A year ago a Deutsche Bank survey of CIOs found that “CIOs are now broadly comfortable with [Hadoop] and see it as a significant part of the future data architecture.” They're so comfortable, in fact, that many CIOs haven’t thought to question Hadoop’s built-in security, leading Gartner analyst Merv Adrian to query, “Can it be that people believe Hadoop is secure? Because it certainly is not.”
That was then, this is now, and the primary Hadoop vendors are getting serious about security. That’s the good news. The bad, however, is that they’re approaching Hadoop security in significantly different ways, which promises to turn big data’s open source poster child into a potential pitfall for vendor lock-in.
Can’t we all get along?
That’s the conclusion reached in a Gartner research note authored by Adrian. As he writes, “Hadoop security stacks emerging from three independent distributors remain immature and are not comprehensive; they are therefore likely to create incompatible, inflexible deployments and promote vendor lock-in.” This is, of course, standard operating procedure in databases or data warehouses, but it calls into question some of the benefit of building on an open source “standard” like Hadoop.
Ironically, it’s the very openness of Hadoop that creates this proprietary potential.
It starts with the inherent insecurity of Hadoop, which has come to light with recent ransomware attacks. Hadoop hasn’t traditionally come with built-in security, yet Hadoop systems “increase utilization of file system-based data that is not otherwise protected,” as Adrian explains, allowing “new vulnerabilities [to] emerge that compromise carefully crafted data security regimes.” It gets worse.
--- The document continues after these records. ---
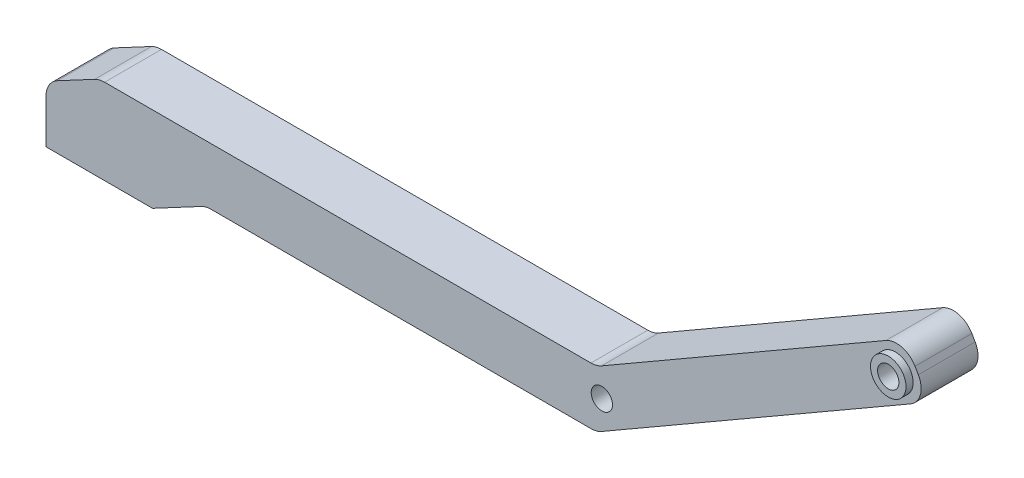
SolidWorks part; units mm, degrees
ref_plane "前视基准面" through (0, 0, 0) normal (0, 0, 1) x (1, 0, 0)
ref_plane "上视基准面" through (0, 0, 0) normal (0, 1, 0) x (1, 0, 0)
ref_plane "右视基准面" through (0, 0, 0) normal (1, 0, 0) x (0, 0, -1)
sketch "草图1" plane through (0, 0, 0) normal (0, 0, 1) x (1, 0, 0)
  line L2 (-7.5, 4) -> (-7.5, -4)
  line L3 (-7.5, -4) -> (7.5, -4)
  line L5 (-7.5, 4) -> (7.5, -4) construction
  line L6 (-7.5, -4) -> (7.5, 4) construction
  line L8 (0, 8) -> (70, 8)
  line L10 (0, 8) -> (-7.5, 4)
  line L11 (7.5, -4) -> (15, 0)
  line L12 (70, 0) -> (116.7654, 27)
  line L13 (116.7654, 27) -> (113.3013, 33)
  line L14 (70, 8) -> (113.3013, 33)
  line L15 (15, 0) -> (70, 0)
  circle A0 centre (112.0369, 28.27) radius 1.5
  circle A1 centre (70.7275, 4.42) radius 1.5
  point P0 (0, 0)
extrude "凸台-拉伸1" add sketch "草图1" along normal blind 8
fillet "圆角1" radius 3 7 edges at (15, 0, 4) (113.3013, 33, 4) (116.7654, 27, 4) (70, 0, 4) (70, 8, 4) (0, 8, 4) (-7.5, 4, 4)
sketch "草图2" plane through (0, 0, 8) normal (0, 0, 1) x (1, 0, 0)
  circle A1 centre (112.0369, 28.27) radius 2.5
  circle A3 centre (112.0369, 28.27) radius 1.5
extrude "凸台-拉伸2" add sketch "草图2" along normal blind 1
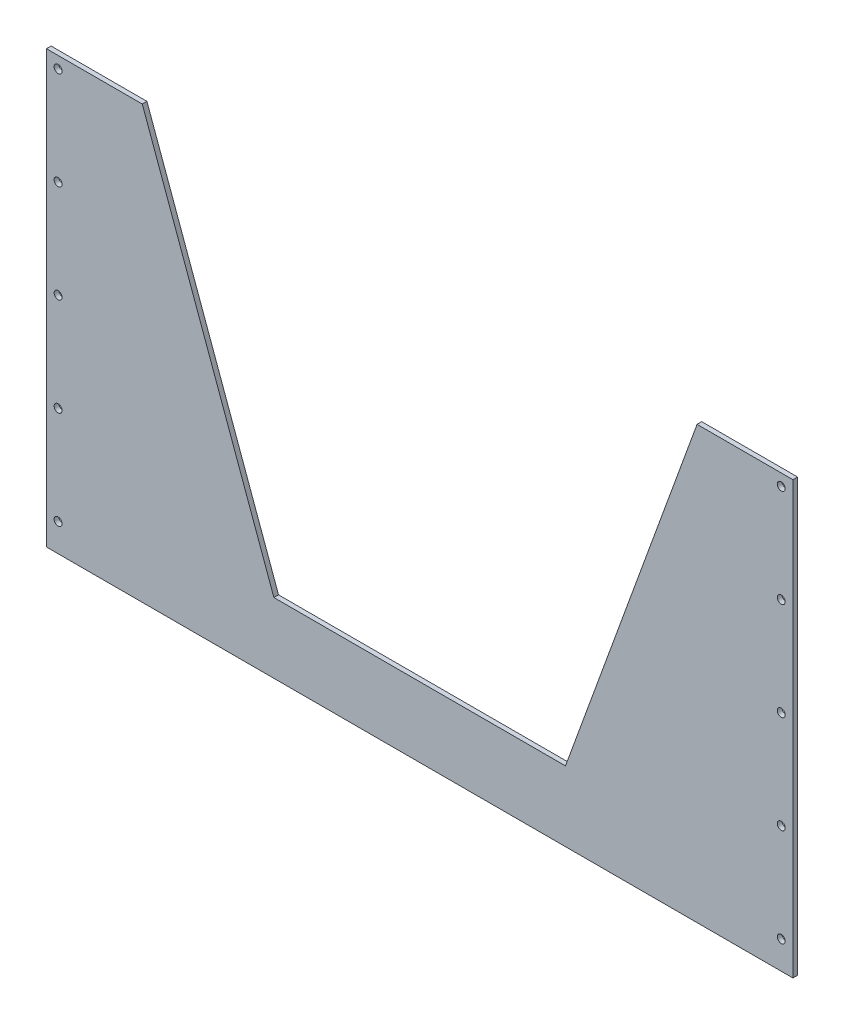
SolidWorks part; units mm, degrees
ref_plane "Спереди" through (0, 0, 0) normal (0, 0, 1) x (1, 0, 0)
ref_plane "Сверху" through (0, 0, 0) normal (0, 1, 0) x (1, 0, 0)
ref_plane "Справа" through (0, 0, 0) normal (1, 0, 0) x (0, 0, -1)
sketch "Эскиз1" plane through (0, 0, 0) normal (0, 0, 1) x (1, 0, 0)
  line L0 (-118.9154, 92.5) -> (-62.5, -62.5)
  line L1 (-160, 92.5) -> (-118.9154, 92.5)
  line L2 (-160, 92.5) -> (-160, -92.5)
  line L3 (-160, -92.5) -> (160, -92.5)
  line L4 (160, 92.5) -> (160, -92.5)
  line L5 (0, -92.5) -> (0, 97) construction
  line L6 (-160, 0) -> (160, 0) construction
  line L7 (-62.5, -62.5) -> (62.5, -62.5)
  line L8 (62.5, -62.5) -> (118.9154, 92.5)
  line L9 (118.9154, 92.5) -> (160, 92.5)
  point P0 (0, 0)
  point P7 (0, -62.5)
  dimension "D1" = 320
  dimension "D2" = 185
  dimension "D3" = 110
  dimension "D4" = 110
  dimension "D5" = 125
  dimension "D6" = 30
extrude "Бобышка-Вытянуть1" add sketch "Эскиз1" along normal mid plane 2
sketch "Эскиз2" plane through (0, 0, 1) normal (0, 0, 1) x (1, 0, 0)
  line L0 (-160, 92.5) -> (-160, -92.5) construction
  line L1 (-118.9154, 92.5) -> (-160, 92.5) construction
  line L2 (0, 50.4064) -> (0, -142.4253) construction
  circle A0 centre (-155, 87.5) radius 1.7
  circle A1 centre (-155, 45.5) radius 1.7
  circle A2 centre (-155, 3.5) radius 1.7
  circle A3 centre (-155, -38.5) radius 1.7
  circle A4 centre (-155, -80.5) radius 1.7
  circle A5 centre (155, -80.5) radius 1.7
  circle A6 centre (155, -38.5) radius 1.7
  circle A7 centre (155, 3.5) radius 1.7
  circle A8 centre (155, 45.5) radius 1.7
  circle A9 centre (155, 87.5) radius 1.7
  dimension "D1" = 3.4
  dimension "D2" = 5
  dimension "D3" = 5
  dimension "D4" = 5
extrude "Вырез-Вытянуть1" cut sketch "Эскиз2" against normal blind 10
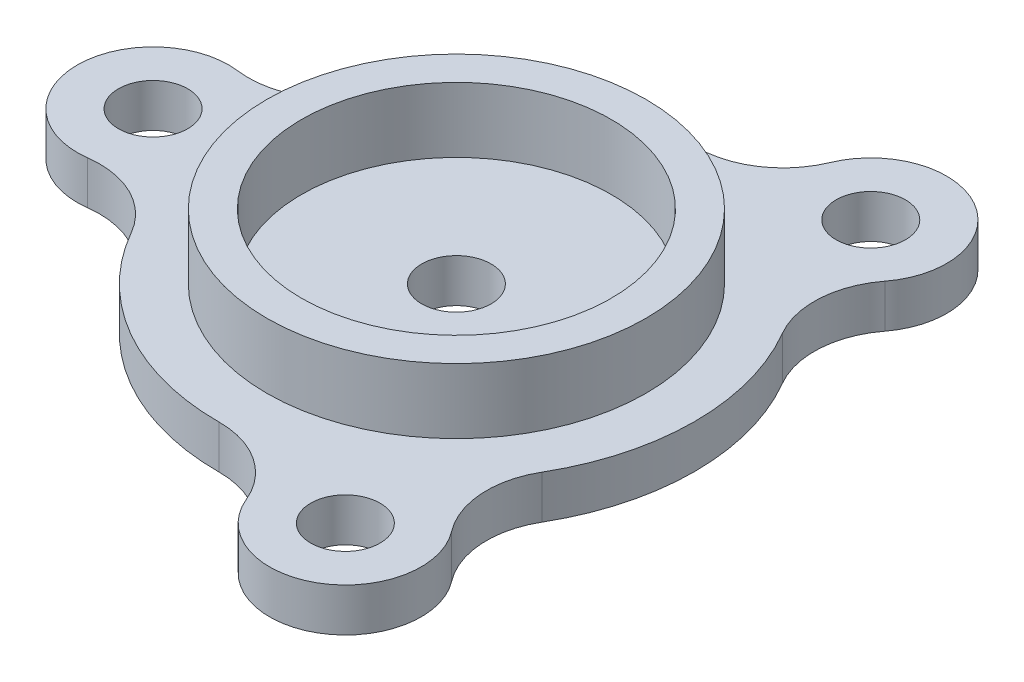
SolidWorks part; units mm, degrees
ref_plane "前视基准面" through (0, 0, 0) normal (0, 0, 1) x (1, 0, 0)
ref_plane "上视基准面" through (0, 0, 0) normal (0, 1, 0) x (1, 0, 0)
ref_plane "右视基准面" through (0, 0, 0) normal (1, 0, 0) x (0, 0, -1)
sketch "草图1" plane through (0, 0, 0) normal (0, 1, 0) x (1, 0, 0)
  circle A0 centre (0, 0) radius 11
  dimension "D1" = 22
extrude "凸台-拉伸1" add sketch "草图1" along normal blind 2
sketch "草图2" plane through (0, 2, 0) normal (0, 1, 0) x (1, 0, 0)
  circle A0 centre (7, 12.1244) radius 1.6 construction
  circle A1 centre (7, -12.1244) radius 1.6 construction
  circle A2 centre (-14, 0) radius 1.6 construction
  circle A3 centre (7, 12.1244) radius 1.6
  circle A4 centre (7, -12.1244) radius 1.6
  circle A5 centre (-14, 0) radius 1.6
  arc A13 (11, 0) -> (9.4994, 5.5464) centre (0, 0) ccw
  arc A14 (9.4994, -5.5464) -> (11, 0) centre (0, 0) ccw
  arc A15 (9.4994, -5.5464) -> (9.7784, -9.9958) centre (12.9537, -7.5632) ccw
  arc A16 (3.7675, -13.4662) -> (9.7784, -9.9958) centre (7, -12.1244) ccw
  arc A17 (0.0536, -10.9999) -> (9.4994, -5.5464) centre (0, 0) ccw
  arc A18 (-9.553, -5.4535) -> (0.0536, -10.9999) centre (0, 0) ccw
  arc A19 (-9.553, -5.4535) -> (-13.5458, -3.4704) centre (-13.0268, -7.4366) ccw
  arc A20 (-13.5458, 3.4704) -> (-13.5458, -3.4704) centre (-14, 0) ccw
  arc A21 (-13.5458, 3.4704) -> (-9.553, 5.4535) centre (-13.0268, 7.4366) ccw
  arc A22 (0.0536, 10.9999) -> (-9.553, 5.4535) centre (0, 0) ccw
  arc A23 (9.4994, 5.5464) -> (0.0536, 10.9999) centre (0, 0) ccw
  arc A24 (9.7784, 9.9958) -> (3.7675, 13.4662) centre (7, 12.1244) ccw
  arc A25 (9.7784, 9.9958) -> (9.4994, 5.5464) centre (12.9537, 7.5632) ccw
  arc A28 (9.4994, -5.5464) -> (9.7784, -9.9958) centre (12.9537, -7.5632) ccw
  arc A29 (3.7675, -13.4662) -> (9.7784, -9.9958) centre (7, -12.1244) ccw
  arc A32 (-9.553, -5.4535) -> (-13.5458, -3.4704) centre (-13.0268, -7.4366) ccw
  arc A33 (-13.5458, 3.4704) -> (-13.5458, -3.4704) centre (-14, 0) ccw
  arc A34 (-13.5458, 3.4704) -> (-9.553, 5.4535) centre (-13.0268, 7.4366) ccw
  arc A37 (9.7784, 9.9958) -> (3.7675, 13.4662) centre (7, 12.1244) ccw
  arc A38 (9.7784, 9.9958) -> (9.4994, 5.5464) centre (12.9537, 7.5632) ccw
  arc A58 (-9.553, 5.4535) -> (-9.553, -5.4535) centre (0, 0) ccw
  arc A69 (3.7675, -13.4662) -> (0.0536, -10.9999) centre (0.0731, -14.9998) ccw
  arc A70 (3.7675, -13.4662) -> (0.0536, -10.9999) centre (0.0731, -14.9998) ccw
  arc A71 (0.0536, 10.9999) -> (3.7675, 13.4662) centre (0.0731, 14.9998) ccw
  arc A72 (0.0536, 10.9999) -> (3.7675, 13.4662) centre (0.0731, 14.9998) ccw
  dimension "D1" = 0
extrude "凸台-拉伸2" add sketch "草图2" against normal up to surface (2 mm away) up to face at (0, 0, 11)
sketch "草图3" plane through (0, 2, 0) normal (0, 1, 0) x (1, 0, 0)
  circle A0 centre (0, 0) radius 1.6
  dimension "D1" = 3.2
extrude "切除-拉伸1" cut sketch "草图3" against normal up to next
sketch "草图4" plane through (0, 2, 0) normal (0, 1, 0) x (1, 0, 0)
  circle A0 centre (0, 0) radius 7.15
  circle A1 centre (0, 0) radius 8.75
  dimension "D1" = 14.3
  dimension "D2" = 17.5
extrude "凸台-拉伸3" add sketch "草图4" along normal blind 3
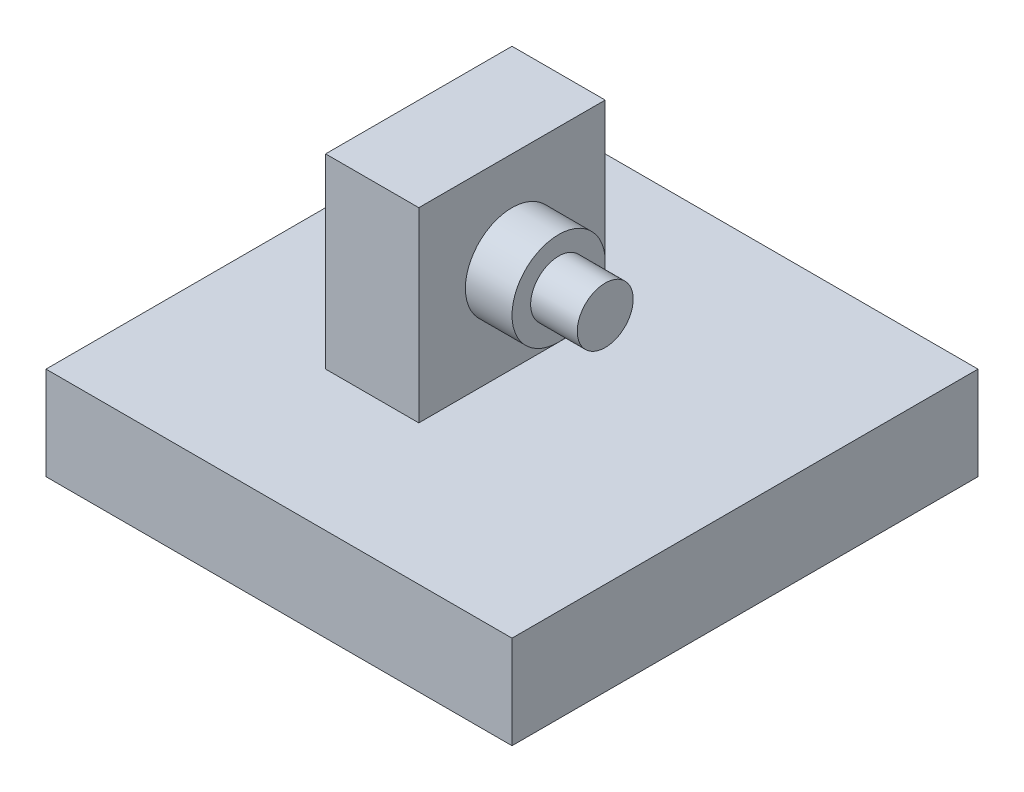
SolidWorks part; units mm, degrees
ref_plane "Ön Düzlem" through (0, 0, 0) normal (0, 0, 1) x (1, 0, 0)
ref_plane "Üst Düzlem" through (0, 0, 0) normal (0, 1, 0) x (1, 0, 0)
ref_plane "Sağ Düzlem" through (0, 0, 0) normal (1, 0, 0) x (0, 0, -1)
sketch "Çizim1" plane through (0, 0, 0) normal (0, 1, 0) x (1, 0, 0)
  line L1 (250, -250) -> (-250, -250)
  line L2 (250, -250) -> (250, 250)
  line L3 (250, 250) -> (-250, 250)
  line L4 (-250, -250) -> (-250, 250)
  point P0 (0, 0)
  dimension "D1" = 500
  dimension "D2" = 500
extrude "Yükseklik-Ekstrüzyon1" add sketch "Çizim1" along normal blind 100
sketch "Çizim2" plane through (0, 100, 0) normal (0, 1, 0) x (1, 0, 0)
  line L1 (0, -100) -> (-100, -100)
  line L2 (0, -100) -> (0, 100)
  line L3 (0, 100) -> (-100, 100)
  line L4 (-100, -100) -> (-100, 100)
  point P0 (0, 0)
  dimension "D1" = 200
  dimension "D2" = 100
extrude "Yükseklik-Ekstrüzyon2" add sketch "Çizim2" along normal blind 200
sketch "Çizim3" plane through (0, 0, 0) normal (1, 0, 0) x (0, 0, -1)
  circle A0 centre (0, 200) radius 50
  dimension "D1" = 100
extrude "Yükseklik-Ekstrüzyon3" add sketch "Çizim3" along normal blind 50
sketch "Çizim4" plane through (50, 0, 0) normal (1, 0, 0) x (0, 0, -1)
  circle A0 centre (0, 200) radius 30
  dimension "D1" = 60
extrude "Yükseklik-Ekstrüzyon4" add sketch "Çizim4" along normal blind 50

Organizations are increasingly turning to Hadoop to create “data lakes.” Unlike databases, which Adrian says tend to contain “known data that conforms to predetermined policies about quality, ownership, and standards,” data lakes encourage data of indeterminate quality or provenance. Though the Hadoop community has promising projects like Apache Eagle (which uses machine intelligence to identify security threats to Hadoop clusters), the Hadoop community has yet to offer a unified solution to lock down such data and, worse, is offering a mishmash of competing alternatives, as Adrian describes:
[T]he principal Hadoop distributors on whom enterprises rely for the effective operation of their Hadoop stack are using data security as an opportunity for product differentiation. As a result, these distributors are pursuing different paths, different open- and closed-source software projects, and targeting different points of vulnerability. The maturity of their approaches also differs, which complicates the decisions made by potential buyers and increases the likelihood of incompatibility between them and other related software from third-party vendors that may choose to support competitors' offerings instead — raising questions about lock-in by organizations who wish to tackle security concerns now.
Big data security, in short, is a big mess.
Love that lock-in
The specter of lock-in is real, but is it scary? I’ve argued before that lock-in is a fact of enterprise IT, made no better (or worse) by open source ... or cloud or any other trend in IT. Once an enterprise has invested money, people, and other resources into making a system work, it’s effectively locked in.
Still, there’s arguably more at stake when a company puts petabytes of data into a Hadoop data lake versus running an open source content management system or even an operating system. The heart of any business is its data, and getting boxed into a particular Hadoop vendor because an enterprise becomes dependent on its particular approach to securing Hadoop clusters seems like a big deal.
But is it really?
Oracle, after all, makes billions of dollars “locking in” customers to its very proprietary database, so much so that it had double the market share (41.6 percent) of its nearest competitor (Microsoft at 19.4 percent) as of April 2016, according to Gartner’s research. If enterprises are worried about lock-in, they have a weird way of showing it.
For me the bigger issue isn’t lock-in, but rather that the competing approaches to Hadoop security may actually yield poorer security, at least in the short term. The enterprises that deploy more than one Hadoop stack (a common occurrence) will need to juggle the conflicting security approaches and almost certainly leave holes. Those that standardize on one vendor will be stuck with incomplete security solutions.
Over time, this will improve. There’s simply too much money at stake for the on-prem and cloud-based Hadoop vendors. But for the moment, enterprises should continue to worry about Hadoop security.